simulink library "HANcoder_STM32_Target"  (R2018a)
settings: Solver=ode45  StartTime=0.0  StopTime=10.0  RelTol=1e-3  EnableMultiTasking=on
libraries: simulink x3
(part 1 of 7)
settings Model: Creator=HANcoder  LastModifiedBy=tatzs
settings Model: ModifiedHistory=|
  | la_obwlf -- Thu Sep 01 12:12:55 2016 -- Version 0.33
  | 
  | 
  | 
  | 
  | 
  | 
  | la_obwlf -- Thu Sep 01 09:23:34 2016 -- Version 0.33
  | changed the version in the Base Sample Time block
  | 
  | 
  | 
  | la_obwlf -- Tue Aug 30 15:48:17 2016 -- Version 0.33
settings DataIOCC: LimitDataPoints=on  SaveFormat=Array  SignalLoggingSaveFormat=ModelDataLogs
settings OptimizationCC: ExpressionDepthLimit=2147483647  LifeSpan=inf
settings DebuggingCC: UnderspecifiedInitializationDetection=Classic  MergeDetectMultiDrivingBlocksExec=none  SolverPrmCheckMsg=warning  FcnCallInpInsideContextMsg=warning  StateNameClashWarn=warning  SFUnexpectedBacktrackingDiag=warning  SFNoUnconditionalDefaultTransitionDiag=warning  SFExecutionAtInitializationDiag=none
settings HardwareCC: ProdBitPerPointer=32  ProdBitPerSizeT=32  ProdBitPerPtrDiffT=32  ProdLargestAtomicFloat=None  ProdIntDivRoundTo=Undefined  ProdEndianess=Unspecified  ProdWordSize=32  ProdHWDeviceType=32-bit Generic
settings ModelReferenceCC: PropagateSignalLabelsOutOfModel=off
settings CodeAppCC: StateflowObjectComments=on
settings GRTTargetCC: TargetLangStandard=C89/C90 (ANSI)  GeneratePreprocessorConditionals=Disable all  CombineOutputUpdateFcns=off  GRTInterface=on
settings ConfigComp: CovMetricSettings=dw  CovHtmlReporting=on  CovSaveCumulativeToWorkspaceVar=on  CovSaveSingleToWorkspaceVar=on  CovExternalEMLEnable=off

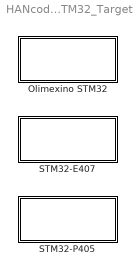
== system HANcoder_STM32_Target ==
  Olimexino STM32 : Subsystem
      settings: MoveFcn=drawLogos
      mask Display:
      | disp('Olimexino STM32')
      | patch([80 86 86],[8 14 2],[1 0 0]);patch([88 88 94],[14 2 8],[0 0 0.35]);
  STM32-E407 : Subsystem
      settings: MoveFcn=drawLogos
      mask Display:
      | disp('STM32-E407')
      | patch([80 86 86],[8 14 2],[1 0 0]);patch([88 88 94],[14 2 8],[0 0 0.35]);
  STM32-P405 : Subsystem
      settings: MoveFcn=drawLogos
      mask Display:
      | disp('STM32-P405')
      | patch([80 86 86],[8 14 2],[1 0 0]);patch([88 88 94],[14 2 8],[0 0 0.35]);

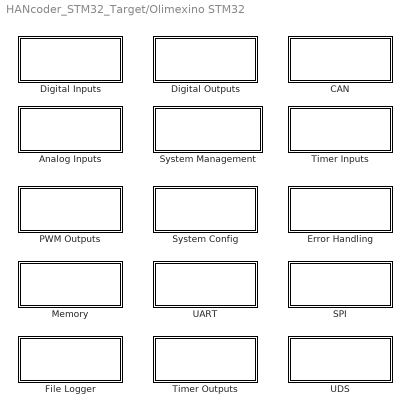
== system HANcoder_STM32_Target/Olimexino STM32 ==
  Analog Inputs : Subsystem
      settings: MoveFcn=drawLogos
      mask Display: fprintf('Analog Inputs');patch([85 91 91],[8 14 2],[1 0 0]);patch([93 93 99],[14 2 8],[0 0 0.35]);
  CAN : Subsystem
      settings: MoveFcn=drawLogos
      mask Display: fprintf('CAN');patch([85 91 91],[8 14 2],[1 0 0]);patch([93 93 99],[14 2 8],[0 0 0.35]);
  Digital Inputs : Subsystem
      settings: MoveFcn=drawLogos
      mask Display: fprintf('Digital Inputs');patch([85 91 91],[8 14 2],[1 0 0]);patch([93 93 99],[14 2 8],[0 0 0.35]);
  Digital Outputs : Subsystem
      settings: MoveFcn=drawLogos
      mask Display: fprintf('Digital Outputs');patch([85 91 91],[8 14 2],[1 0 0]);patch([93 93 99],[14 2 8],[0 0 0.35]);
  Error Handling : Subsystem
      settings: MoveFcn=drawLogos
      mask Display: fprintf('Error Handling');patch([85 91 91],[8 14 2],[1 0 0]);patch([93 93 99],[14 2 8],[0 0 0.35]);
  File Logger : Subsystem
      settings: MoveFcn=drawLogos
      mask Display: fprintf('File Logger');patch([85 91 91],[8 14 2],[1 0 0]);patch([93 93 99],[14 2 8],[0 0 0.35]);
  Memory : Subsystem
      settings: MoveFcn=drawLogos
      mask Display: fprintf('Memory');patch([85 91 91],[8 14 2],[1 0 0]);patch([93 93 99],[14 2 8],[0 0 0.35]);
  PWM Outputs : Subsystem
      settings: MoveFcn=drawLogos
      mask Display: fprintf('PWM Outputs');patch([85 91 91],[8 14 2],[1 0 0]);patch([93 93 99],[14 2 8],[0 0 0.35]);
  SPI : Subsystem
      settings: MoveFcn=drawLogos
      mask Display: fprintf('SPI');patch([85 91 91],[8 14 2],[1 0 0]);patch([93 93 99],[14 2 8],[0 0 0.35]);
  System Config : Subsystem  RequirementInfo={} %GIDa_b102142c_ec72_4a3a_aedf_acb717d0b820
      settings: MoveFcn=drawLogos
      mask Display: fprintf('System Config');patch([85 91 91],[8 14 2],[1 0 0]);patch([93 93 99],[14 2 8],[0 0 0.35]);
  System Management : Subsystem
      settings: MoveFcn=drawLogos
      mask Display: fprintf('System Management');patch([90 96 96],[8 14 2],[1 0 0]);patch([98 98 104],[14 2 8],[0 0 0.35]);
  Timer Inputs : Subsystem
      settings: MoveFcn=drawLogos
      mask Display: fprintf('Timer Inputs');patch([85 91 91],[8 14 2],[1 0 0]);patch([93 93 99],[14 2 8],[0 0 0.35]);
  Timer Outputs : Subsystem
      settings: MoveFcn=drawLogos
      mask Display: fprintf('Timer Outputs');patch([85 91 91],[8 14 2],[1 0 0]);patch([93 93 99],[14 2 8],[0 0 0.35]);
  UART : Subsystem
      settings: MoveFcn=drawLogos
      mask Display: fprintf('UART');patch([85 91 91],[8 14 2],[1 0 0]);patch([93 93 99],[14 2 8],[0 0 0.35]);
  UDS : Subsystem
      settings: MoveFcn=drawLogos
      mask Display: fprintf('UDS');patch([85 91 91],[8 14 2],[1 0 0]);patch([93 93 99],[14 2 8],[0 0 0.35]);

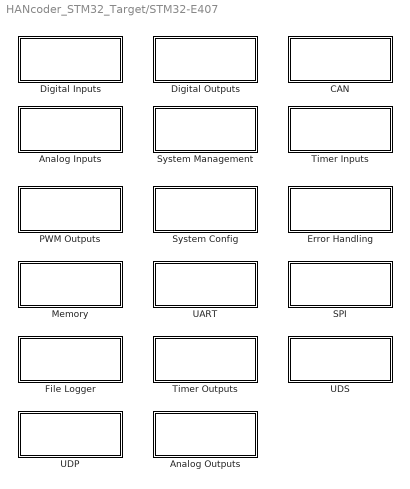
== system HANcoder_STM32_Target/STM32-E407 ==
  Analog Inputs : Subsystem
      settings: MoveFcn=drawLogos
      mask Display: fprintf('Analog Inputs');patch([85 91 91],[8 14 2],[1 0 0]);patch([93 93 99],[14 2 8],[0 0 0.35]);
  Analog Outputs : Subsystem
      settings: MoveFcn=drawLogos
      mask Display: fprintf('Analog Outputs');patch([85 91 91],[8 14 2],[1 0 0]);patch([93 93 99],[14 2 8],[0 0 0.35]);
  CAN : Subsystem
      settings: MoveFcn=drawLogos
      mask Display: fprintf('CAN');patch([85 91 91],[8 14 2],[1 0 0]);patch([93 93 99],[14 2 8],[0 0 0.35]);
  Digital Inputs : Subsystem
      settings: MoveFcn=drawLogos
      mask Display: fprintf('Digital Inputs');patch([85 91 91],[8 14 2],[1 0 0]);patch([93 93 99],[14 2 8],[0 0 0.35]);
  Digital Outputs : Subsystem
      settings: MoveFcn=drawLogos
      mask Display: fprintf('Digital Outputs');patch([85 91 91],[8 14 2],[1 0 0]);patch([93 93 99],[14 2 8],[0 0 0.35]);
  Error Handling : Subsystem
      settings: MoveFcn=drawLogos
      mask Display: fprintf('Error Handling');patch([85 91 91],[8 14 2],[1 0 0]);patch([93 93 99],[14 2 8],[0 0 0.35]);
  File Logger : Subsystem
      settings: MoveFcn=drawLogos
      mask Display: fprintf('File Logger');patch([85 91 91],[8 14 2],[1 0 0]);patch([93 93 99],[14 2 8],[0 0 0.35]);
  Memory : Subsystem
      settings: MoveFcn=drawLogos
      mask Display: fprintf('Memory');patch([85 91 91],[8 14 2],[1 0 0]);patch([93 93 99],[14 2 8],[0 0 0.35]);
  PWM Outputs : Subsystem
      settings: MoveFcn=drawLogos
      mask Display: fprintf('PWM Outputs');patch([85 91 91],[8 14 2],[1 0 0]);patch([93 93 99],[14 2 8],[0 0 0.35]);
  SPI : Subsystem
      settings: MoveFcn=drawLogos
      mask Display: fprintf('SPI');patch([85 91 91],[8 14 2],[1 0 0]);patch([93 93 99],[14 2 8],[0 0 0.35]);
  System Config : Subsystem  RequirementInfo={} %GIDa_b102142c_ec72_4a3a_aedf_acb717d0b820
      settings: MoveFcn=drawLogos
      mask Display: fprintf('System Config');patch([85 91 91],[8 14 2],[1 0 0]);patch([93 93 99],[14 2 8],[0 0 0.35]);
  System Management : Subsystem
      settings: MoveFcn=drawLogos
      mask Display: fprintf('System Management');patch([85 91 91],[8 14 2],[1 0 0]);patch([93 93 99],[14 2 8],[0 0 0.35]);
  Timer Inputs : Subsystem
      settings: MoveFcn=drawLogos
      mask Display: fprintf('Timer Inputs');patch([85 91 91],[8 14 2],[1 0 0]);patch([93 93 99],[14 2 8],[0 0 0.35]);
  Timer Outputs : Subsystem
      settings: MoveFcn=drawLogos
      mask Display: fprintf('Timer Outputs');patch([85 91 91],[8 14 2],[1 0 0]);patch([93 93 99],[14 2 8],[0 0 0.35]);
  UART : Subsystem
      settings: MoveFcn=drawLogos
      mask Display: fprintf('UART');patch([85 91 91],[8 14 2],[1 0 0]);patch([93 93 99],[14 2 8],[0 0 0.35]);
  UDP : Subsystem
      settings: MoveFcn=drawLogos
      mask Display: fprintf('UDP');patch([85 91 91],[8 14 2],[1 0 0]);patch([93 93 99],[14 2 8],[0 0 0.35]);
  UDS : Subsystem
      settings: MoveFcn=drawLogos
      mask Display: fprintf('UDS');patch([85 91 91],[8 14 2],[1 0 0]);patch([93 93 99],[14 2 8],[0 0 0.35]);

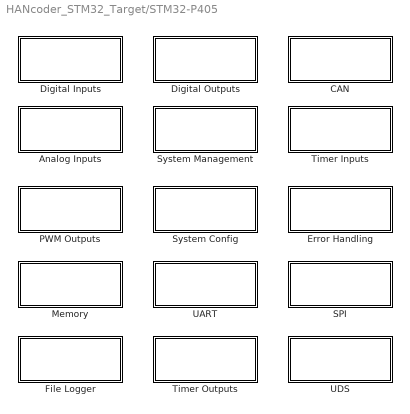
== system HANcoder_STM32_Target/STM32-P405 ==
  Analog Inputs : Subsystem
      settings: MoveFcn=drawLogos
      mask Display: fprintf('Analog Inputs');patch([85 91 91],[8 14 2],[1 0 0]);patch([93 93 99],[14 2 8],[0 0 0.35]);
  CAN : Subsystem
      settings: MoveFcn=drawLogos
      mask Display: fprintf('CAN');patch([85 91 91],[8 14 2],[1 0 0]);patch([93 93 99],[14 2 8],[0 0 0.35]);
  Digital Inputs : Subsystem
      settings: MoveFcn=drawLogos
      mask Display: fprintf('Digital Inputs');patch([85 91 91],[8 14 2],[1 0 0]);patch([93 93 99],[14 2 8],[0 0 0.35]);
  Digital Outputs : Subsystem
      settings: MoveFcn=drawLogos
      mask Display: fprintf('Digital Outputs');patch([85 91 91],[8 14 2],[1 0 0]);patch([93 93 99],[14 2 8],[0 0 0.35]);
  Error Handling : Subsystem
      settings: MoveFcn=drawLogos
      mask Display: fprintf('Error Handling');patch([85 91 91],[8 14 2],[1 0 0]);patch([93 93 99],[14 2 8],[0 0 0.35]);
  File Logger : Subsystem
      settings: MoveFcn=drawLogos
      mask Display: fprintf('File Logger');patch([85 91 91],[8 14 2],[1 0 0]);patch([93 93 99],[14 2 8],[0 0 0.35]);
  Memory : Subsystem
      settings: MoveFcn=drawLogos
      mask Display: fprintf('Memory');patch([85 91 91],[8 14 2],[1 0 0]);patch([93 93 99],[14 2 8],[0 0 0.35]);
  PWM Outputs : Subsystem
      settings: MoveFcn=drawLogos
      mask Display: fprintf('PWM Outputs');patch([85 91 91],[8 14 2],[1 0 0]);patch([93 93 99],[14 2 8],[0 0 0.35]);
  SPI : Subsystem
      settings: MoveFcn=drawLogos
      mask Display: fprintf('SPI');patch([85 91 91],[8 14 2],[1 0 0]);patch([93 93 99],[14 2 8],[0 0 0.35]);
  System Config : Subsystem  RequirementInfo={} %GIDa_b102142c_ec72_4a3a_aedf_acb717d0b820
      settings: MoveFcn=drawLogos
      mask Display: fprintf('System Config');patch([85 91 91],[8 14 2],[1 0 0]);patch([93 93 99],[14 2 8],[0 0 0.35]);
  System Management : Subsystem
      settings: MoveFcn=drawLogos
      mask Display: fprintf('System Management');patch([85 91 91],[8 14 2],[1 0 0]);patch([93 93 99],[14 2 8],[0 0 0.35]);
  Timer Inputs : Subsystem
      settings: MoveFcn=drawLogos
      mask Display: fprintf('Timer Inputs');patch([85 91 91],[8 14 2],[1 0 0]);patch([93 93 99],[14 2 8],[0 0 0.35]);
  Timer Outputs : Subsystem
      settings: MoveFcn=drawLogos
      mask Display: fprintf('Timer Outputs');patch([85 91 91],[8 14 2],[1 0 0]);patch([93 93 99],[14 2 8],[0 0 0.35]);
  UART : Subsystem
      settings: MoveFcn=drawLogos
      mask Display: fprintf('UART');patch([85 91 91],[8 14 2],[1 0 0]);patch([93 93 99],[14 2 8],[0 0 0.35]);
  UDS : Subsystem
      settings: MoveFcn=drawLogos
      mask Display: fprintf('UDS');patch([85 91 91],[8 14 2],[1 0 0]);patch([93 93 99],[14 2 8],[0 0 0.35]);

== system HANcoder_STM32_Target/Olimexino STM32/Analog Inputs ==
  Analog Input : Subsystem  Tag=HANcoder_TARGET_STM32_Olimexino  mask(Analog Input){pinID=CON2 - A0, tsamp=-1, filtered=off}
      mask prompts: pinID "Input pin"; tsamp "Sample time"; filtered "Use oversampling and filtering (causes high CPU load)"
      mask help:
      | Function
      | ========
      | Reads the analog/digital conversion results of an analog input pin.
      |
      | Parameters
      | ==========
      | Input pin:
      |   Selects the analog input to read
      |
      | Outport
      | ==========
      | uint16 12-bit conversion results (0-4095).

========================================================================

[REQUIRED ACTION]
Copy all lines of the records that have the string "results" in them.

[OUTPUT FOR THIS TASK]
      | Reads the analog/digital conversion results of an analog input pin.
      | uint16 12-bit conversion results (0-4095).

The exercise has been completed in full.